Copper manganese oxide enhanced nanoarray-based monolithic catalysts for hydrocarbon oxidation

Abstract

Copper manganese oxide (CuMn₂O₄) was introduced into the nanoarray-based monolithic catalysts system for advanced exhaust after-treatment. Through scalable and cost-effective hydrothermal reactions, nanosheet layers of copper manganese oxide were uniformly coated onto the manganese oxide nanoarrays (HM-PCR), which were grown on the cordierite honeycomb monoliths. The core nanoarray support, HM-PCR, a well-defined array architecture for active material deposition, contributed to an increase of open surface area and thus enhanced catalytic oxidation performance.
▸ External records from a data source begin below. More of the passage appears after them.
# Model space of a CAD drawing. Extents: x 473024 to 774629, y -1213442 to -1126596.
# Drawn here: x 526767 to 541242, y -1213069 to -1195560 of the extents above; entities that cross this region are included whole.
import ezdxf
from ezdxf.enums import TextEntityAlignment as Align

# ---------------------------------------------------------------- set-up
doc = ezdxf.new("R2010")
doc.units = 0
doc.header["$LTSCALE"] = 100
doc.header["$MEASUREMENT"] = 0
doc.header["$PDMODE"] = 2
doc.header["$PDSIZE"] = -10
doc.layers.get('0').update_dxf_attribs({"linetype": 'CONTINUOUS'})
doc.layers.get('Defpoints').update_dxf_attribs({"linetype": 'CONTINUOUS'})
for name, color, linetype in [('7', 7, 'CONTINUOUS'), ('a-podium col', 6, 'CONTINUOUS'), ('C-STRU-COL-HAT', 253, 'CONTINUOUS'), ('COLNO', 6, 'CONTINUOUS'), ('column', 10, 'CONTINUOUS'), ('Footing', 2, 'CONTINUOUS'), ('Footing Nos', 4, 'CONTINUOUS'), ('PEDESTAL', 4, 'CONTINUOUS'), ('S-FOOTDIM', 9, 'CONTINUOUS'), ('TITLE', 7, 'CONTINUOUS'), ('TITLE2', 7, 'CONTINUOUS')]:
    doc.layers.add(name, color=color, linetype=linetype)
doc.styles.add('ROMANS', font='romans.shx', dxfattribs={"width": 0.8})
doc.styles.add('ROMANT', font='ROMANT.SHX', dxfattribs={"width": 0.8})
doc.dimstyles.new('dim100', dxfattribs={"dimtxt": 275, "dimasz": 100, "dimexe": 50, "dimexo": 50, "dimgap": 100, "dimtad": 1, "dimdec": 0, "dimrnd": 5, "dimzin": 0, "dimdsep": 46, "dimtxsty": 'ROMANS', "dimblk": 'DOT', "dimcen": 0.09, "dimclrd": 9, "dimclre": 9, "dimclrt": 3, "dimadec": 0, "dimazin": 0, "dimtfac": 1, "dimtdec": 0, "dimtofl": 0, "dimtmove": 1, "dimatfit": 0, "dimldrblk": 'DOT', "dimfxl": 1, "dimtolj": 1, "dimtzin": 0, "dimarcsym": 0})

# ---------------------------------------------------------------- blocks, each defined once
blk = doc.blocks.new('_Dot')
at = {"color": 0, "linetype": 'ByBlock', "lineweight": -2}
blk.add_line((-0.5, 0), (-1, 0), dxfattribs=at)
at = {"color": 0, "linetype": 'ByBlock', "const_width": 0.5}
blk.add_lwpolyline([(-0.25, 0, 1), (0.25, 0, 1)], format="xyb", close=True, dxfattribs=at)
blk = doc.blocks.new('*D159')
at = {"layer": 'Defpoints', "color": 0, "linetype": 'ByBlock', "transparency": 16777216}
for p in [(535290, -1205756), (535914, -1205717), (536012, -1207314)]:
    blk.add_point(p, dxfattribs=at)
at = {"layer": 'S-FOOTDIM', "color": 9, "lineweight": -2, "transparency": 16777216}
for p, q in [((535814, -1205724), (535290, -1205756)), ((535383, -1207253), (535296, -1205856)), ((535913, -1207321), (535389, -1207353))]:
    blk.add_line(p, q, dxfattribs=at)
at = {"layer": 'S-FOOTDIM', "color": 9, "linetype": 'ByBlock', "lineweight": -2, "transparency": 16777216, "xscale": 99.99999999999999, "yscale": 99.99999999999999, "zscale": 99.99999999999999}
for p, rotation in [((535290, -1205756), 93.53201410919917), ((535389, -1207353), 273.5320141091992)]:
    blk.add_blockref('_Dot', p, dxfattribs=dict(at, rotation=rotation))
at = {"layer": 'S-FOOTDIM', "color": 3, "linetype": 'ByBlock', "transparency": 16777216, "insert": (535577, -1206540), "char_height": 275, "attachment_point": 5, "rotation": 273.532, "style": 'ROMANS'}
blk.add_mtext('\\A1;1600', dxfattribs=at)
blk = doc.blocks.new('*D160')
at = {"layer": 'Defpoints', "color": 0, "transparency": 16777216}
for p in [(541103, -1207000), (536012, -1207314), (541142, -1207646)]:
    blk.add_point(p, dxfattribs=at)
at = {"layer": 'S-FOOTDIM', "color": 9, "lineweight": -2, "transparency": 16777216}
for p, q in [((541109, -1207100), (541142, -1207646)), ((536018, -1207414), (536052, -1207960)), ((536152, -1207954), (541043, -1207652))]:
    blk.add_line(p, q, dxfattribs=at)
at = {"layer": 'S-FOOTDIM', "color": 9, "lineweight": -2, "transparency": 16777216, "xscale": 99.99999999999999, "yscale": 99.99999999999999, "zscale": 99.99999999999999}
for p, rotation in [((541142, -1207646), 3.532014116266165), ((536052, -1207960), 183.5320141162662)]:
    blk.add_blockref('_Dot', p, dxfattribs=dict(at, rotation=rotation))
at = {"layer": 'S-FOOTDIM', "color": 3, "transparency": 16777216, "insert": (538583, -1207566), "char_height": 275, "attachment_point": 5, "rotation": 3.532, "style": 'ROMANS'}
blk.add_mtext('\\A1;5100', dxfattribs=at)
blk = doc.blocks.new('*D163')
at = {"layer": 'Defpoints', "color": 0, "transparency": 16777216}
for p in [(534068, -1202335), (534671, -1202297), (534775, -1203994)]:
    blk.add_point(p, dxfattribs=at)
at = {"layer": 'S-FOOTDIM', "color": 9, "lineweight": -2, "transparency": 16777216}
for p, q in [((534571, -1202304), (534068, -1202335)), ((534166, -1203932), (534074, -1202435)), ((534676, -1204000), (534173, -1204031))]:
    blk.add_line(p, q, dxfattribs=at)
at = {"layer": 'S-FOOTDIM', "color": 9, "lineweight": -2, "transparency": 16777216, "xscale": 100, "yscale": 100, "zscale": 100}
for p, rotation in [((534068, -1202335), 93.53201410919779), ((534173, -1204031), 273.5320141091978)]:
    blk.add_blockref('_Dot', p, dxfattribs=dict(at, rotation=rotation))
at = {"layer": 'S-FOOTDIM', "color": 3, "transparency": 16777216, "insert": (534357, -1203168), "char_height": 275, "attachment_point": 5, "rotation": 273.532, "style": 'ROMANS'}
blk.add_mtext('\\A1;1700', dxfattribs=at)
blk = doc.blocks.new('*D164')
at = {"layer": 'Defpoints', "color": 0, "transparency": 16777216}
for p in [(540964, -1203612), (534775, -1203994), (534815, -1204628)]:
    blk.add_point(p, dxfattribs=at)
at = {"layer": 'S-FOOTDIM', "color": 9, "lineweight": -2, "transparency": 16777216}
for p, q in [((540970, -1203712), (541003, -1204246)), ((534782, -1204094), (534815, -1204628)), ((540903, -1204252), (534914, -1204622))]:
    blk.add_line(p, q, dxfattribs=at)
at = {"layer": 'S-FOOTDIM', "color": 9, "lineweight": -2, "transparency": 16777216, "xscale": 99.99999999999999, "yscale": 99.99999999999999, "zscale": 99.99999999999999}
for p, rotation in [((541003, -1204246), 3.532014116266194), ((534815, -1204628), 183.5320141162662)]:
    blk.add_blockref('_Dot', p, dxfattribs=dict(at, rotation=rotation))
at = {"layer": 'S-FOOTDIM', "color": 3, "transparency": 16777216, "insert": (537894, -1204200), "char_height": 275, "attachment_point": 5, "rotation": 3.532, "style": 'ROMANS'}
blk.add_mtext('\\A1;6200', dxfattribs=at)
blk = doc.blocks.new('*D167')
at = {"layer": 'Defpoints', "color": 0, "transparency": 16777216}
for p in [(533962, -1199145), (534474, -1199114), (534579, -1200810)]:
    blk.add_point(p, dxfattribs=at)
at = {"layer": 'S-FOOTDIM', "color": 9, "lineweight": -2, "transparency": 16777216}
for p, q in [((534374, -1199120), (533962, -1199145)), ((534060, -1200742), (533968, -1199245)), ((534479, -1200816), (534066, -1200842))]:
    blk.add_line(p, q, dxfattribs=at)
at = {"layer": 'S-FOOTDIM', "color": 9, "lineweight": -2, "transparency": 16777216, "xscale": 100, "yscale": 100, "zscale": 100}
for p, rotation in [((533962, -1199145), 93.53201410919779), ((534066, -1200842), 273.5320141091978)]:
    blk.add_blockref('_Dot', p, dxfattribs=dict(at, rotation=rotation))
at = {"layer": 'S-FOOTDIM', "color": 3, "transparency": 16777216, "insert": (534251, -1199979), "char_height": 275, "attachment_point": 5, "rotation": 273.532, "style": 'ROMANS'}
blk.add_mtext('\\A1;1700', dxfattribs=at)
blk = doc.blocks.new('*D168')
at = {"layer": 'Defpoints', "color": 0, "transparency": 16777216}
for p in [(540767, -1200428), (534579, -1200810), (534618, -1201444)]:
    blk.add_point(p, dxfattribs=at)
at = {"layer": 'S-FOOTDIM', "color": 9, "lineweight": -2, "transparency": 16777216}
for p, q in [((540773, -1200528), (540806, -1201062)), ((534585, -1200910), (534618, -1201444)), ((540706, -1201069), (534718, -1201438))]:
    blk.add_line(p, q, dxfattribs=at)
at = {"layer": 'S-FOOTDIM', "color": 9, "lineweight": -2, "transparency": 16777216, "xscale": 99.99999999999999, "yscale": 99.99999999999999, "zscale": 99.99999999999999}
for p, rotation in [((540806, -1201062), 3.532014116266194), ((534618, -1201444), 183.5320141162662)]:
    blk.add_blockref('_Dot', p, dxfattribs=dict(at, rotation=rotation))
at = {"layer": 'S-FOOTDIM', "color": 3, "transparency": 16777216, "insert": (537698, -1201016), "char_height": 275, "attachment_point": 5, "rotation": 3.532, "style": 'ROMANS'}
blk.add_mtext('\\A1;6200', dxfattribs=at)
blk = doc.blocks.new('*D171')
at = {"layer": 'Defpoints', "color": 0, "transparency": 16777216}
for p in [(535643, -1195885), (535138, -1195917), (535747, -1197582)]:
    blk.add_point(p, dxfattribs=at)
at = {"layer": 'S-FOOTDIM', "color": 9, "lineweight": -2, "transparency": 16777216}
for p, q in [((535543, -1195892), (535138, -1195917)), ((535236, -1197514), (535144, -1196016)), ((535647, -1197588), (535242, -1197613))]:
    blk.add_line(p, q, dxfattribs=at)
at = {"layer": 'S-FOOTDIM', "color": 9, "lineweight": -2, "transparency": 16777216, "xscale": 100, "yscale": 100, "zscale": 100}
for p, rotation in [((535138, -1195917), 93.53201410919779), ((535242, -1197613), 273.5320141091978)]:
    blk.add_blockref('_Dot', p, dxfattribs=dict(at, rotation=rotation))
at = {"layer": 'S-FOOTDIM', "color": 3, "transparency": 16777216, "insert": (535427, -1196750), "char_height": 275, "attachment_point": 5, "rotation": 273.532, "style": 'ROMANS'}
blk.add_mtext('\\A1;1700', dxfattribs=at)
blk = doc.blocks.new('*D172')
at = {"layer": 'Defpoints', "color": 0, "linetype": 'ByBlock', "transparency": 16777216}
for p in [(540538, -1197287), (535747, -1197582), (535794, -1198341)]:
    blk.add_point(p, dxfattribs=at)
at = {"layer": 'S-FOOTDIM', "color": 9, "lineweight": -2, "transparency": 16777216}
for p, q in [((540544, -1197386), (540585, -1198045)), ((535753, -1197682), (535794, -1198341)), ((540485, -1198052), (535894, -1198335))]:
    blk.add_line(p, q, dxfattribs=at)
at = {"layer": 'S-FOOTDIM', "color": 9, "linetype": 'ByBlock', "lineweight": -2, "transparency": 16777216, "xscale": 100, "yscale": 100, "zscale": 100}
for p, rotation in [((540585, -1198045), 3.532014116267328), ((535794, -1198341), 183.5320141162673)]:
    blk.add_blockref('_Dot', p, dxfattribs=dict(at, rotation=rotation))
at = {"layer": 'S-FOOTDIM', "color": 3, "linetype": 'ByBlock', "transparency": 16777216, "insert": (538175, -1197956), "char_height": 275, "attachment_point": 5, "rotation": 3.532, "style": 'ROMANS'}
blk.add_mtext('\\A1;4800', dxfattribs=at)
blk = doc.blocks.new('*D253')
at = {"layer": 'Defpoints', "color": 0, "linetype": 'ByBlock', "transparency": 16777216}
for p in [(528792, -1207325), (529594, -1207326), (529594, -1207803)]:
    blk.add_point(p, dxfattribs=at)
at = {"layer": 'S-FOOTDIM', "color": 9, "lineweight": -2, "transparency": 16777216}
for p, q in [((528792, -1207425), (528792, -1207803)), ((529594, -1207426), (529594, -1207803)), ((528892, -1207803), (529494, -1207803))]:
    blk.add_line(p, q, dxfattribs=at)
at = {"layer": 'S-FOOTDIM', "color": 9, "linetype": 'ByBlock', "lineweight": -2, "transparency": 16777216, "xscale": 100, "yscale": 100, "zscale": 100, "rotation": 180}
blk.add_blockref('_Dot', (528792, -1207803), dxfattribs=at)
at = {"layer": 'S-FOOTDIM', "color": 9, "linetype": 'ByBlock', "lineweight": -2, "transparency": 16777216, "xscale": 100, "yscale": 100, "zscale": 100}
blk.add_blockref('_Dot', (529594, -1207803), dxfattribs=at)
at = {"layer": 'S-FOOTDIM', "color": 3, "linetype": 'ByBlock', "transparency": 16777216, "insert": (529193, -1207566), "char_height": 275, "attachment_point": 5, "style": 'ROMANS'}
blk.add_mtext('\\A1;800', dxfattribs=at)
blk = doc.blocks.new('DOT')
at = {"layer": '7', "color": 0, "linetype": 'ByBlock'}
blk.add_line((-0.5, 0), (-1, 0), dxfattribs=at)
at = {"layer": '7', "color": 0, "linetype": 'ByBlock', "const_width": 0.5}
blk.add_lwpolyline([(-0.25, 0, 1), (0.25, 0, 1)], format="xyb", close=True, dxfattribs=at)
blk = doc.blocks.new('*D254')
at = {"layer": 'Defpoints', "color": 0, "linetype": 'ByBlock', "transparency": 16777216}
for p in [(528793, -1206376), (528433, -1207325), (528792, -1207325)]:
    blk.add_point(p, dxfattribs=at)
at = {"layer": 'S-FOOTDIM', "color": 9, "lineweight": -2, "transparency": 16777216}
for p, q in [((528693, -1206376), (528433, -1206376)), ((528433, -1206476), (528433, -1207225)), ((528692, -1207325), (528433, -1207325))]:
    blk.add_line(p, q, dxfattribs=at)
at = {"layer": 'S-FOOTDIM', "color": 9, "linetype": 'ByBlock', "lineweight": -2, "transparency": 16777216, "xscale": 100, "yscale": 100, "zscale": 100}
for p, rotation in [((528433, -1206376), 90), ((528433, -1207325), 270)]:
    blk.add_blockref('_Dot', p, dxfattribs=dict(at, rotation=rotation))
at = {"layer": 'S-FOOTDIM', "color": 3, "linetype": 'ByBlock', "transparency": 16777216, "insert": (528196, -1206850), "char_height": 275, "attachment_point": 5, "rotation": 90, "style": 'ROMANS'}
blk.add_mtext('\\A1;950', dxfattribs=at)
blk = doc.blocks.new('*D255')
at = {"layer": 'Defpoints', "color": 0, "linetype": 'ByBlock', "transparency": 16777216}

The CuMn₂O₄ coated nanoarray-based catalyst, NA-CuMn₂O₄, shows efficient 90% propane (C₃H₈) conversion at around 400 °C, which is 50 °C and 75 °C lower than CuMn₂O₄ wash-coated catalyst (WC-CuMn₂O₄) and Pd loaded catalyst (WC-Pd), respectively. Compared to monolithic catalysts with a traditional alumina support, the benefit of nanoarray morphology was demonstrated by correlating the variation of surface area to the reactivity. The incorporation of cobalt ions was found to increase the specific surface area and thus enhance C₃H₈ conversion of CuMn₂O₄. The CuMn₂O₄/MnO₂ nanoarray-based monoliths are promising types of emission control devices.